Often, paper-wrenching cannot stop power-plants or mines on its own, but it can buy time, so that these folks can get organized and take action to physically keep the power-plant out of their neighborhood. Here they are engaged in civil disobedience, making a bold and brave statement that they are willing to put their lives on the line to protect their community. The Michigan Coalition Against Tar Sands (MI-CATS) have made a series of civil disobedience actions, blocking tar sands pipelines using lock-boxes, tree-sits, banners.
Sometimes it is necessary to escalate further, blockading and shutting down infrastructure and extractive activities. The protests, petitions, and legal challenges made by indigenous people often go completely ignored, so some indigenous front-line communities are doing the only thing they can to protect their land – Unistoten people in British Columbia have been blockading an Enbridge pipeline for over 4 years, they have built a village and have no plans to leave, while more recently Mikmak people in New Brunswick are keeping fracking crews out by blockading roads, destroying mining equipment, and even fighting police who are protecting the mining equipment… They know that water is life, and though many people have been arrested, they continue to defend their lands and waters and their lives.
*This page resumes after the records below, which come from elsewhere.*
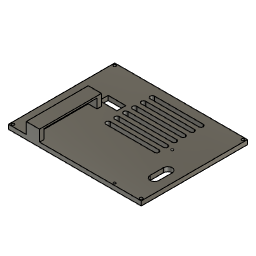
蓋 (Autodesk Fusion 360 design; units mm, degrees)
Autodesk Fusion 360 part; units mm, degrees
sketch "スケッチ1" plane through (0, 0, 0) normal (0, 0, 1) x (1, 0, 0)
  line L0 (75, -45) -> (-75, -45)
  line L1 (-75, -45) -> (-75, 75)
  line L2 (-75, 75) -> (75, 75)
  line L3 (75, 75) -> (75, -45)
  line L4 (-115.7726, 0) -> (130, 0)
  dimension "d1" = 150
  dimension "d41" = 75
  dimension "d42" = 45
  constraint horizontal L0
  constraint perpendicular L0 L1
  constraint parallel L0 L2
  constraint parallel L1 L3
  constraint horizontal L4
  measures "d1" distance of L1.end L2.end
  measures "d41" distance of L2 L4
  measures "d42" distance of L0 L4
extrude "押し出し1" add sketch "スケッチ1" along normal blind 5
sketch "スケッチ2" plane through (0, 0, 5) normal (0, 0, 1) x (-1, 0, 0)
  line L0 (-75, -75) -> (75, -75)
  line L1 (75, -75) -> (75, 45)
  line L2 (75, 45) -> (-75, 45)
  line L3 (-75, 45) -> (-75, -75)
  circle A0 centre (72.5, -72.5) radius 1.5
  line L4 (0, -100) -> (0, -20)
  circle A1 centre (-72.5, -72.5) radius 1.5
  line L5 (50, 0) -> (-80, 0)
  circle A2 centre (72.5, 72.5) radius 1.5
  circle A3 centre (-72.5, 72.5) radius 1.5
  dimension "d5" = 3
  dimension "d6" = 2.5
  dimension "d7" = 2.5
  constraint vertical L4
  constraint symmetric A0 L4 A1
  constraint perpendicular L3 L5
  constraint symmetric A0 L5 A2
  constraint symmetric A1 L5 A3
  measures "d5" diameter of A0
  measures "d6" distance of L0 A0.centre
  measures "d7" distance of L1 A0.centre
extrude "押し出し2" cut sketch "スケッチ2" against normal blind 5 contours A0 | A1 | A2 | A3
sketch "スケッチ3" plane through (0, 0, 5) normal (0, 0, 1) x (-1, 0, 0)
  circle A0 centre (-72.5, -72.5) radius 1.5
  circle A1 centre (72.5, -72.5) radius 1.5
  line L0 (-75, -75) -> (75, -75)
  line L1 (75, -75) -> (75, 45)
  line L2 (75, 45) -> (-75, 45)
  line L3 (-75, 45) -> (-75, -75)
  line L4 (47, -39.5) -> (27, -39.5)
  line L5 (27, -39.5) -> (27, -29.5)
  line L6 (27, -29.5) -> (47, -29.5)
  line L7 (47, -29.5) -> (47, -39.5)
  dimension "d10" = 28
  dimension "d11" = 45.5
  dimension "d12" = 10
  dimension "d13" = 20
  constraint horizontal L4
  constraint vertical L5
  constraint horizontal L6
  constraint vertical L7
  measures "d10" distance of L1 L7
  measures "d11" distance of L0 L6
  measures "d12" distance of L4 L6
  measures "d13" distance of L5 L7
extrude "押し出し3" cut sketch "スケッチ3" against normal blind 5 contours L4 L5 L6 L7
sketch "スケッチ4" plane through (0, 0, 5) normal (0, 0, 1) x (-1, 0, 0)
  line L0 (27, -39.5) -> (27, -29.5)
  line L1 (27, -29.5) -> (47, -29.5)
  line L2 (47, -29.5) -> (47, -39.5)
  line L3 (47, -39.5) -> (27, -39.5)
  circle A0 centre (-72.5, -72.5) radius 1.5
  circle A1 centre (72.5, -72.5) radius 1.5
  line L4 (-75, -75) -> (75, -75)
  line L5 (75, -75) -> (75, 45)
  line L6 (75, 45) -> (-75, 45)
  line L7 (-75, 45) -> (-75, -75)
  line L8 (20, -65) -> (-35, -65)
  line L9 (-35, -60) -> (20, -60)
  line L10 (20, -55) -> (-35, -55)
  line L11 (-35, -50) -> (20, -50)
  line L12 (20, -45) -> (-35, -45)
  line L13 (-35, -40) -> (20, -40)
  line L14 (20, -35) -> (-35, -35)
  line L15 (-35, -30) -> (20, -30)
  line L16 (20, -25) -> (-35, -25)
  line L17 (-35, -20) -> (20, -20)
  line L18 (20, -15) -> (-35, -15)
  line L19 (-35, -10) -> (20, -10)
  arc A2 (20, -65) -> (20, -60) centre (20, -62.5) ccw
  arc A3 (20, -55) -> (20, -50) centre (20, -52.5) ccw
  arc A4 (20, -45) -> (20, -40) centre (20, -42.5) ccw
  arc A5 (20, -35) -> (20, -30) centre (20, -32.5) ccw
  arc A6 (20, -25) -> (20, -20) centre (20, -22.5) ccw
  arc A7 (20, -15) -> (20, -10) centre (20, -12.5) ccw
  arc A8 (-35, -10) -> (-35, -15) centre (-35, -12.5) ccw
  arc A9 (-35, -20) -> (-35, -25) centre (-35, -22.5) ccw
  arc A10 (-35, -30) -> (-35, -35) centre (-35, -32.5) ccw
  arc A11 (-35, -40) -> (-35, -45) centre (-35, -42.5) ccw
  arc A12 (-35, -50) -> (-35, -55) centre (-35, -52.5) ccw
  arc A13 (-35, -60) -> (-35, -65) centre (-35, -62.5) ccw
  constraint horizontal L8
  constraint horizontal L9
  constraint horizontal L10
  constraint horizontal L11
  constraint horizontal L12
  constraint horizontal L13
  constraint horizontal L14
  constraint horizontal L15
  constraint horizontal L16
  constraint horizontal L17
  constraint horizontal L18
  constraint horizontal L19
  constraint tangent L8 A2
  constraint tangent L10 A3
  constraint tangent L12 A4
  constraint tangent L14 A5
  constraint tangent L16 A6
  constraint tangent L18 A7
  constraint tangent L19 A8
  constraint tangent L17 A9
  constraint tangent L15 A10
  constraint tangent L13 A11
  constraint tangent L11 A12
  constraint tangent L9 A13
extrude "押し出し4" cut sketch "スケッチ4" against normal blind 5 contours L8 L9 A2 A13 | L10 L11 A3 A12 | L12 L13 A4 A11 | L14 L15 A5 A10 | L16 L17 A6 A9 | L18 L19 A7 A8
sketch "スケッチ5" plane through (0, 0, 5) normal (0, 0, 1) x (-1, 0, 0)
  line L0 (-35, -30) -> (20, -30)
  arc A0 (20, -35) -> (20, -30) centre (20, -32.5) ccw
  line L1 (20, -35) -> (-35, -35)
  arc A1 (-35, -30) -> (-35, -35) centre (-35, -32.5) ccw
  line L2 (-35, -60) -> (20, -60)
  arc A2 (20, -65) -> (20, -60) centre (20, -62.5) ccw
  line L3 (20, -65) -> (-35, -65)
  arc A3 (-35, -60) -> (-35, -65) centre (-35, -62.5) ccw
  line L4 (-35, -50) -> (20, -50)
  arc A4 (20, -55) -> (20, -50) centre (20, -52.5) ccw
  line L5 (20, -55) -> (-35, -55)
  arc A5 (-35, -50) -> (-35, -55) centre (-35, -52.5) ccw
  line L6 (-35, -20) -> (20, -20)
  arc A6 (20, -25) -> (20, -20) centre (20, -22.5) ccw
  line L7 (20, -25) -> (-35, -25)
  arc A7 (-35, -20) -> (-35, -25) centre (-35, -22.5) ccw
  line L8 (-35, -10) -> (20, -10)
  arc A8 (20, -15) -> (20, -10) centre (20, -12.5) ccw
  line L9 (20, -15) -> (-35, -15)
  arc A9 (-35, -10) -> (-35, -15) centre (-35, -12.5) ccw
  line L10 (-35, -40) -> (20, -40)
  arc A10 (20, -45) -> (20, -40) centre (20, -42.5) ccw
  line L11 (20, -45) -> (-35, -45)
  arc A11 (-35, -40) -> (-35, -45) centre (-35, -42.5) ccw
  line L12 (27, -39.5) -> (27, -29.5)
  line L13 (27, -29.5) -> (47, -29.5)
  line L14 (47, -29.5) -> (47, -39.5)
  line L15 (47, -39.5) -> (27, -39.5)
  circle A12 centre (-72.5, -72.5) radius 1.5
  circle A13 centre (72.5, -72.5) radius 1.5
  line L16 (-75, -75) -> (75, -75)
  line L17 (75, -75) -> (75, 45)
  line L18 (75, 45) -> (-75, 45)
  line L19 (-75, 45) -> (-75, -75)
  line L20 (50, -20) -> (40, -20)
  line L21 (40, 40) -> (50, 40)
  line L22 (50, 40) -> (50, -20)
  line L23 (55, -25) -> (40, -25)
  line L24 (40, 45) -> (55, 45)
  line L25 (55, 45) -> (55, -25)
  line L26 (40, -25) -> (40, -20)
  line L27 (40, 40) -> (40, 45)
  circle A14 centre (-52.5, -22.5) radius 1.5
  circle A15 centre (-52.5, 42.5) radius 1.5
  dimension "d18" = 60
  dimension "d20" = 3
  dimension "d21" = 3
  dimension "d22" = 2.5
  dimension "d25" = 2.5
  constraint horizontal L20
  constraint horizontal L21
  constraint vertical L22
  constraint horizontal L23
  constraint horizontal L24
  constraint vertical L25
  constraint perpendicular L21 L26
  constraint collinear L26 L27
  measures "d18" distance of L20 L21
  measures "d20" diameter of A14
  measures "d21" diameter of A15
  measures "d22" distance of L23 A14.centre
  measures "d25" distance of L24 A15.centre
extrude "押し出し5" add sketch "スケッチ5" along normal blind 10.7 contours L18 L20 L21 L22 L23 L24 L25 L26 L27
sketch "スケッチ7" plane through (0, 0, 15.7) normal (0, 0, 1) x (-1, 0, 0)
  line L0 (50, 40) -> (50, -20)
  line L1 (50, -20) -> (40, -20)
  line L2 (40, -20) -> (40, -25)
  line L3 (40, -25) -> (55, -25)
  line L4 (55, -25) -> (55, 45)
  line L5 (55, 45) -> (40, 45)
  line L6 (40, 45) -> (40, 40)
  line L7 (40, 40) -> (50, 40)
  line L8 (55, -25) -> (40, -25)
  line L9 (40, -25) -> (40, 45)
  line L10 (40, 45) -> (55, 45)
  line L11 (55, 45) -> (55, -25)
  constraint horizontal L8
  constraint vertical L9
  constraint horizontal L10
  constraint vertical L11
  constraint coincident L5.end L6.start
  constraint coincident L3.end L4.start
extrude "押し出し6" add sketch "スケッチ7" along normal blind 2
sketch "スケッチ8" plane through (0, 0, 5) normal (0, 0, 1) x (-1, 0, 0)
  line L0 (50, 40) -> (40, 40)
  line L1 (40, 40) -> (40, 45)
  line L2 (40, 45) -> (-75, 45)
  line L3 (55, 45) -> (55, -25)
  line L4 (55, -25) -> (40, -25)
  line L5 (40, -25) -> (40, -20)
  line L6 (40, -20) -> (50, -20)
  line L7 (50, -20) -> (50, 40)
  line L8 (-35, -30) -> (20, -30)
  arc A0 (20, -35) -> (20, -30) centre (20, -32.5) ccw
  line L9 (20, -35) -> (-35, -35)
  arc A1 (-35, -30) -> (-35, -35) centre (-35, -32.5) ccw
  line L10 (-35, -60) -> (20, -60)
  arc A2 (20, -65) -> (20, -60) centre (20, -62.5) ccw
  line L11 (20, -65) -> (-35, -65)
  arc A3 (-35, -60) -> (-35, -65) centre (-35, -62.5) ccw
  line L12 (-35, -50) -> (20, -50)
  arc A4 (20, -55) -> (20, -50) centre (20, -52.5) ccw
  line L13 (20, -55) -> (-35, -55)
  arc A5 (-35, -50) -> (-35, -55) centre (-35, -52.5) ccw
  line L14 (-35, -20) -> (20, -20)
  arc A6 (20, -25) -> (20, -20) centre (20, -22.5) ccw
  line L15 (20, -25) -> (-35, -25)
  arc A7 (-35, -20) -> (-35, -25) centre (-35, -22.5) ccw
  line L16 (-35, -10) -> (20, -10)
  arc A8 (20, -15) -> (20, -10) centre (20, -12.5) ccw
  line L17 (20, -15) -> (-35, -15)
  arc A9 (-35, -10) -> (-35, -15) centre (-35, -12.5) ccw
  line L18 (-35, -40) -> (20, -40)
  arc A10 (20, -45) -> (20, -40) centre (20, -42.5) ccw
  line L19 (20, -45) -> (-35, -45)
  arc A11 (-35, -40) -> (-35, -45) centre (-35, -42.5) ccw
  line L20 (27, -39.5) -> (27, -29.5)
  line L21 (27, -29.5) -> (47, -29.5)
  line L22 (47, -29.5) -> (47, -39.5)
  line L23 (47, -39.5) -> (27, -39.5)
  circle A12 centre (-72.5, -72.5) radius 1.5
  circle A13 centre (72.5, -72.5) radius 1.5
  line L24 (-75, -75) -> (75, -75)
  line L25 (75, -75) -> (75, 45)
  line L26 (75, 45) -> (55, 45)
  line L27 (-75, 45) -> (-75, -75)
  line L28 (55, -25) -> (-45, -25)
  line L29 (-45, -25) -> (-45, 45)
  line L30 (-45, 45) -> (55, 45)
  line L31 (55, 45) -> (55, -25)
  circle A14 centre (-42.5, -22.5) radius 1.5
  circle A15 centre (-42.5, 42.5) radius 1.5
  dimension "d30" = 3
  dimension "d31" = 2.5
  dimension "d32" = 2.5
  dimension "d33" = 3
  dimension "d34" = 2.5
  dimension "d35" = 2.5
  constraint horizontal L28
  constraint vertical L29
  constraint horizontal L30
  constraint vertical L31
  constraint coincident L3.end L4.start
  measures "d30" diameter of A14
  measures "d31" distance of L28 A14.centre
  measures "d32" distance of L29 A14.centre
  measures "d33" diameter of A15
  measures "d34" distance of L29 A15.centre
  measures "d35" distance of L30 A15.centre
hole "穴1" at (42.5, 22.5, 5) at (42.5, -42.5, 5) direction (0, 0, -1) diameter 2.529 depth 10 tip angle 118
thread "ねじ1" "ISO Metric profile 3.0 M3x0.5 6H"
sketch "スケッチ9" plane through (0, 0, 5) normal (0, 0, 1) x (-1, 0, 0)
  circle A0 centre (-42.5, -22.5) radius 1.2645
  circle A1 centre (-42.5, 42.5) radius 1.2645
  line L0 (50, 40) -> (40, 40)
  line L1 (40, 40) -> (40, 45)
  line L2 (40, 45) -> (-75, 45)
  line L3 (55, 45) -> (55, -25)
  line L4 (55, -25) -> (40, -25)
  line L5 (40, -25) -> (40, -20)
  line L6 (40, -20) -> (50, -20)
  line L7 (50, -20) -> (50, 40)
  line L8 (-35, -30) -> (20, -30)
  arc A2 (20, -35) -> (20, -30) centre (20, -32.5) ccw
  line L9 (20, -35) -> (-35, -35)
  arc A3 (-35, -30) -> (-35, -35) centre (-35, -32.5) ccw
  line L10 (-35, -60) -> (20, -60)
  arc A4 (20, -65) -> (20, -60) centre (20, -62.5) ccw
  line L11 (20, -65) -> (-35, -65)
  arc A5 (-35, -60) -> (-35, -65) centre (-35, -62.5) ccw
  line L12 (-35, -50) -> (20, -50)
  arc A6 (20, -55) -> (20, -50) centre (20, -52.5) ccw
  line L13 (20, -55) -> (-35, -55)
  arc A7 (-35, -50) -> (-35, -55) centre (-35, -52.5) ccw
  line L14 (-35, -20) -> (20, -20)
  arc A8 (20, -25) -> (20, -20) centre (20, -22.5) ccw
  line L15 (20, -25) -> (-35, -25)
  arc A9 (-35, -20) -> (-35, -25) centre (-35, -22.5) ccw
  line L16 (-35, -10) -> (20, -10)
  arc A10 (20, -15) -> (20, -10) centre (20, -12.5) ccw
  line L17 (20, -15) -> (-35, -15)
  arc A11 (-35, -10) -> (-35, -15) centre (-35, -12.5) ccw
  line L18 (-35, -40) -> (20, -40)
  arc A12 (20, -45) -> (20, -40) centre (20, -42.5) ccw
  line L19 (20, -45) -> (-35, -45)
  arc A13 (-35, -40) -> (-35, -45) centre (-35, -42.5) ccw
  line L20 (27, -39.5) -> (27, -29.5)
  line L21 (27, -29.5) -> (47, -29.5)
  line L22 (47, -29.5) -> (47, -39.5)
  line L23 (47, -39.5) -> (27, -39.5)
  circle A14 centre (-72.5, -72.5) radius 1.5
  circle A15 centre (72.5, -72.5) radius 1.5
  line L24 (-75, -75) -> (75, -75)
  line L25 (75, -75) -> (75, 45)
  line L26 (75, 45) -> (55, 45)
  line L27 (-75, 45) -> (-75, -75)
  line L28 (-65, 0) -> (-65, 15)
  line L29 (-55, 15) -> (-55, 0)
  arc A16 (-65, 0) -> (-55, 0) centre (-60, 0) ccw
  arc A17 (-55, 15) -> (-65, 15) centre (-60, 15) ccw
  constraint vertical L28
  constraint vertical L29
  constraint tangent L29 A16
  constraint tangent L29 A17
extrude "押し出し7" cut sketch "スケッチ9" against normal blind 5 contours L28 L29 A16 A17
sketch "スケッチ10" plane through (0, 0, 5) normal (0, 0, 1) x (-1, 0, 0)
  line L0 (-55, 15) -> (-55, 0)
  arc A0 (-65, 0) -> (-55, 0) centre (-60, 0) ccw
  line L1 (-65, 0) -> (-65, 15)
  arc A1 (-55, 15) -> (-65, 15) centre (-60, 15) ccw
  circle A2 centre (-42.5, -22.5) radius 1.2645
  circle A3 centre (-42.5, 42.5) radius 1.2645
  line L2 (55, 45) -> (55, -25)
  line L3 (55, -25) -> (40, -25)
  line L4 (40, -25) -> (40, -20)
  line L5 (40, -20) -> (50, -20)
  line L6 (50, -20) -> (50, 40)
  line L7 (50, 40) -> (40, 40)
  line L8 (40, 40) -> (40, 45)
  line L9 (40, 45) -> (-75, 45)
  line L10 (-75, 45) -> (-75, -75)
  line L11 (-75, -75) -> (75, -75)
  line L12 (75, -75) -> (75, 45)
  line L13 (75, 45) -> (55, 45)
  circle A4 centre (72.5, -72.5) radius 1.5
  circle A5 centre (-72.5, -72.5) radius 1.5
  line L14 (27, -39.5) -> (27, -29.5)
  line L15 (27, -29.5) -> (47, -29.5)
  line L16 (47, -29.5) -> (47, -39.5)
  line L17 (47, -39.5) -> (27, -39.5)
  line L18 (-35, -40) -> (20, -40)
  arc A6 (20, -45) -> (20, -40) centre (20, -42.5) ccw
  line L19 (20, -45) -> (-35, -45)
  arc A7 (-35, -40) -> (-35, -45) centre (-35, -42.5) ccw
  line L20 (-35, -10) -> (20, -10)
  arc A8 (20, -15) -> (20, -10) centre (20, -12.5) ccw
  line L21 (20, -15) -> (-35, -15)
  arc A9 (-35, -10) -> (-35, -15) centre (-35, -12.5) ccw
  line L22 (-35, -20) -> (20, -20)
  arc A10 (20, -25) -> (20, -20) centre (20, -22.5) ccw
  line L23 (20, -25) -> (-35, -25)
  arc A11 (-35, -20) -> (-35, -25) centre (-35, -22.5) ccw
  line L24 (-35, -50) -> (20, -50)
  arc A12 (20, -55) -> (20, -50) centre (20, -52.5) ccw
  line L25 (20, -55) -> (-35, -55)
  arc A13 (-35, -50) -> (-35, -55) centre (-35, -52.5) ccw
  line L26 (-35, -60) -> (20, -60)
  arc A14 (20, -65) -> (20, -60) centre (20, -62.5) ccw
  line L27 (20, -65) -> (-35, -65)
  arc A15 (-35, -60) -> (-35, -65) centre (-35, -62.5) ccw
  line L28 (-35, -30) -> (20, -30)
  arc A16 (20, -35) -> (20, -30) centre (20, -32.5) ccw
  line L29 (20, -35) -> (-35, -35)
  arc A17 (-35, -30) -> (-35, -35) centre (-35, -32.5) ccw
  circle A18 centre (72.5, 42.5) radius 1.5
  circle A19 centre (-72.5, 42.5) radius 1.5
  dimension "d43" = 3
  dimension "d44" = 2.5
  dimension "d45" = 2.5
  dimension "d46" = 3
  dimension "d47" = 2.5
  dimension "d48" = 2.5
  measures "d43" diameter of A18
  measures "d44" distance of L12 A18.centre
  measures "d45" distance of L13 A18.centre
  measures "d46" diameter of A19
  measures "d47" distance of L10 A19.centre
  measures "d48" distance of L9 A19.centre
extrude "押し出し8" cut sketch "スケッチ10" against normal blind 5 contours A18 | A19
equation "d11 = 35 mm + 10.50 mm"
equation "d42 = 75 mm - 30 mm"

I just learned a new idea called a “Community Bill of Rights” – in some small rural communities in the US a new strategy is evolving, centered around reasserting human rights and abolishing corporate rights. These communities have thus far kept fracking, and other harmful corporate activities out by writing clever laws that have scared corporate lawyers away, and building community power one step at a time using all the tactics we just covered, to make sure they stay out. So far, over 160 communities have had success with this strategy, even the city of Pittsburgh has passed a “Community Bill of Rights,” which has been effective in keeping out companies who actually wanted to frack under the city!
Its an unusual approach with untested power, who knows where it will go? I think its inspiring – I like to encourage all approaches, creativity and diversity are some of our greatest strengths. The encouraging upshot is that there are countless ways to get involved – whatever your skills or interests are, they can make change in the world. And these extreme technologies are still young, untested technologies – we actually do have the collective power to stop them at this early stage.
That is why this ant is carrying a slogan that says, “Un no, muchos si – One no, but many yeses.” It reminds us of the importance of being unified in what we stand against, but understanding that each ecosystem and community will have different paths and needs moving forward.